>>

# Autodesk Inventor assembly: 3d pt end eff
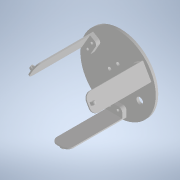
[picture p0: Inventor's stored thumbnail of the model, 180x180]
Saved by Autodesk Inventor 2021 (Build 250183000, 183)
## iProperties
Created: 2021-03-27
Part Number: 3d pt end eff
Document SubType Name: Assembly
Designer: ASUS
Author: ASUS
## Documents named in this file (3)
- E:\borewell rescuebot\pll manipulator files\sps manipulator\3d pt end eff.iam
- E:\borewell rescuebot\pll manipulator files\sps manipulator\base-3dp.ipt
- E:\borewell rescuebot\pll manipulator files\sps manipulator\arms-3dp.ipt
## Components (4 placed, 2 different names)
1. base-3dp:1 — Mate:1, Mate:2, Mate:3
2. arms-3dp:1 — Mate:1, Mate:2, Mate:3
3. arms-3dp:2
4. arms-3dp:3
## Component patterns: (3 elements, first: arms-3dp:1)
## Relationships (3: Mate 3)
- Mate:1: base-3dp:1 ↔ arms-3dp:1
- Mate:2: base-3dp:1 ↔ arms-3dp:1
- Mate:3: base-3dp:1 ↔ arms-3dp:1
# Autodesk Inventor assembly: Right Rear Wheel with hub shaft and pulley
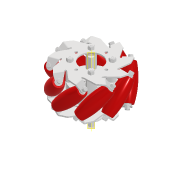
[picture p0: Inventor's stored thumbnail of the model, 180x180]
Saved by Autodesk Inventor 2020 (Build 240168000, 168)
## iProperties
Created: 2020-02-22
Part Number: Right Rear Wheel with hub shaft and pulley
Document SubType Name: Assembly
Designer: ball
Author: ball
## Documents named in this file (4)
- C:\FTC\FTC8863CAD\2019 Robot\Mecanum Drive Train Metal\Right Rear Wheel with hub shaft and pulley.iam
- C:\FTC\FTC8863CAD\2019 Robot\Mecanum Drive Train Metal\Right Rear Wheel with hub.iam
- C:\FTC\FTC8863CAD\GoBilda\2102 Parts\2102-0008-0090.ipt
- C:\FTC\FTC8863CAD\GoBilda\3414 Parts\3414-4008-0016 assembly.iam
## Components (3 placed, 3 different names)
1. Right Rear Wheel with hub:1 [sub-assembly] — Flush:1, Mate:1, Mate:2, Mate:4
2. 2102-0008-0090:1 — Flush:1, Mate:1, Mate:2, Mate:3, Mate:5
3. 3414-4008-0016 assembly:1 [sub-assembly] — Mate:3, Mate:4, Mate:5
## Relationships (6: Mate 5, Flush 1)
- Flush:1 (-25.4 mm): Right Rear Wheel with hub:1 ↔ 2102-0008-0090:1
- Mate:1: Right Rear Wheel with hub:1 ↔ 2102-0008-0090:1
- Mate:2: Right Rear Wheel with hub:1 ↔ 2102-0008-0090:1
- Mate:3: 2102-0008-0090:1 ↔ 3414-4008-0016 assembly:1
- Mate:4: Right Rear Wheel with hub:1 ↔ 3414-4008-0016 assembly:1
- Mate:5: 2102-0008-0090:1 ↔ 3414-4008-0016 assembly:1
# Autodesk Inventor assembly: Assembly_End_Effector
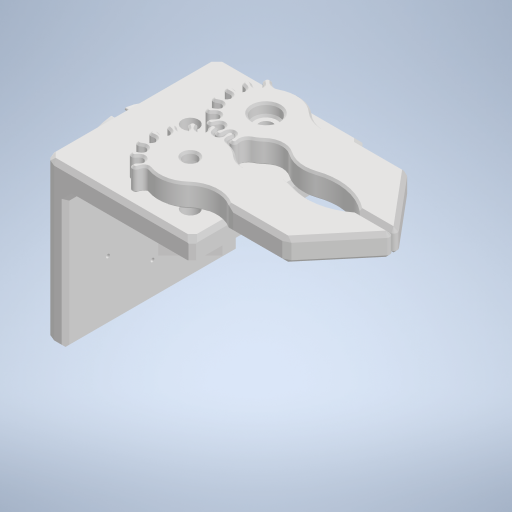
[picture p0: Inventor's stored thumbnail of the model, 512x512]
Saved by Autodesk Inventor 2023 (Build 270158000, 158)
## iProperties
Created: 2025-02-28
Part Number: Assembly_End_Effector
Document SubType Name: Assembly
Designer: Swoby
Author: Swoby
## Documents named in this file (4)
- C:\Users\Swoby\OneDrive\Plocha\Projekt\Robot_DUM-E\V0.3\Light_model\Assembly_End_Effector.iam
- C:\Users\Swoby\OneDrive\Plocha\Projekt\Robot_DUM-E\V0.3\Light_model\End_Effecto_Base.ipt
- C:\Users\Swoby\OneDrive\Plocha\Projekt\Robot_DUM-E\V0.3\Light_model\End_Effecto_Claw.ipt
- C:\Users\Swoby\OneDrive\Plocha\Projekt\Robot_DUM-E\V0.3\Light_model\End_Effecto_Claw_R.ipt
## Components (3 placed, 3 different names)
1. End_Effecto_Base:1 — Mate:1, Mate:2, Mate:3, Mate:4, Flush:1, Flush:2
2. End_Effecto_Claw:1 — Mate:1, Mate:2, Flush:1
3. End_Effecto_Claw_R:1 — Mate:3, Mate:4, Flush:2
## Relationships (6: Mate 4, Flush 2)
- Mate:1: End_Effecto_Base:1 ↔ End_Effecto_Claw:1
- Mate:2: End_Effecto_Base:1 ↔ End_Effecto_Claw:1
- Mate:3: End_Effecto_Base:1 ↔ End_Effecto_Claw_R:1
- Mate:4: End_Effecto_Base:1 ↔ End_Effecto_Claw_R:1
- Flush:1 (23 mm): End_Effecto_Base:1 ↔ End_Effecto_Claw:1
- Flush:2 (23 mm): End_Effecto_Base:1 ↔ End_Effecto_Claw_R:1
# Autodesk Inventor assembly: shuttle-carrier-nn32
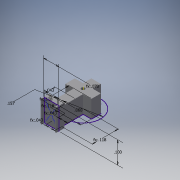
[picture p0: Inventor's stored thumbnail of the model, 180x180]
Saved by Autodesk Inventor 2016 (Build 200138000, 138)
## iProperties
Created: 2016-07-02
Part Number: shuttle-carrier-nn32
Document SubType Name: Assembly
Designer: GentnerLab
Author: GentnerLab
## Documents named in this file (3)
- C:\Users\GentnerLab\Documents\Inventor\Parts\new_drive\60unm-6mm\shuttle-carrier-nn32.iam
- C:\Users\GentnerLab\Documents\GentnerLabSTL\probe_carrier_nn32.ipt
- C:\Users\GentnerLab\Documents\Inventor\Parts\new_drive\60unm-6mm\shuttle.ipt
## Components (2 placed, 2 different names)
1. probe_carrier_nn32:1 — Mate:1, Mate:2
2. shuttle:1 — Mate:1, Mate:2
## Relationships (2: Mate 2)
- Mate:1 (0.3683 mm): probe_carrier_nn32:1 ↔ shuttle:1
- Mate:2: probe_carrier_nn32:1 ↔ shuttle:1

<<

## Work order
Looking at the listing above, which lines run from the one containing "# Autodesk Inventor assembly: Assembly_End_Effector" through the one containing "## Components (2 placed, 2 different names)"? Print exactly those, ends included, pictures excluded.

## Answer for this exercise
# Autodesk Inventor assembly: Assembly_End_Effector
[picture p0: Inventor's stored thumbnail of the model, 512x512]
Saved by Autodesk Inventor 2023 (Build 270158000, 158)
## iProperties
Created: 2025-02-28
Part Number: Assembly_End_Effector
Document SubType Name: Assembly
Designer: Swoby
Author: Swoby
## Documents named in this file (4)
- C:\Users\Swoby\OneDrive\Plocha\Projekt\Robot_DUM-E\V0.3\Light_model\Assembly_End_Effector.iam
- C:\Users\Swoby\OneDrive\Plocha\Projekt\Robot_DUM-E\V0.3\Light_model\End_Effecto_Base.ipt
- C:\Users\Swoby\OneDrive\Plocha\Projekt\Robot_DUM-E\V0.3\Light_model\End_Effecto_Claw.ipt
- C:\Users\Swoby\OneDrive\Plocha\Projekt\Robot_DUM-E\V0.3\Light_model\End_Effecto_Claw_R.ipt
## Components (3 placed, 3 different names)
1. End_Effecto_Base:1 — Mate:1, Mate:2, Mate:3, Mate:4, Flush:1, Flush:2
2. End_Effecto_Claw:1 — Mate:1, Mate:2, Flush:1
3. End_Effecto_Claw_R:1 — Mate:3, Mate:4, Flush:2
## Relationships (6: Mate 4, Flush 2)
- Mate:1: End_Effecto_Base:1 ↔ End_Effecto_Claw:1
- Mate:2: End_Effecto_Base:1 ↔ End_Effecto_Claw:1
- Mate:3: End_Effecto_Base:1 ↔ End_Effecto_Claw_R:1
- Mate:4: End_Effecto_Base:1 ↔ End_Effecto_Claw_R:1
- Flush:1 (23 mm): End_Effecto_Base:1 ↔ End_Effecto_Claw:1
- Flush:2 (23 mm): End_Effecto_Base:1 ↔ End_Effecto_Claw_R:1
# Autodesk Inventor assembly: shuttle-carrier-nn32
[picture p0: Inventor's stored thumbnail of the model, 180x180]
Saved by Autodesk Inventor 2016 (Build 200138000, 138)
## iProperties
Created: 2016-07-02
Part Number: shuttle-carrier-nn32
Document SubType Name: Assembly
Designer: GentnerLab
Author: GentnerLab
## Documents named in this file (3)
- C:\Users\GentnerLab\Documents\Inventor\Parts\new_drive\60unm-6mm\shuttle-carrier-nn32.iam
- C:\Users\GentnerLab\Documents\GentnerLabSTL\probe_carrier_nn32.ipt
- C:\Users\GentnerLab\Documents\Inventor\Parts\new_drive\60unm-6mm\shuttle.ipt
## Components (2 placed, 2 different names)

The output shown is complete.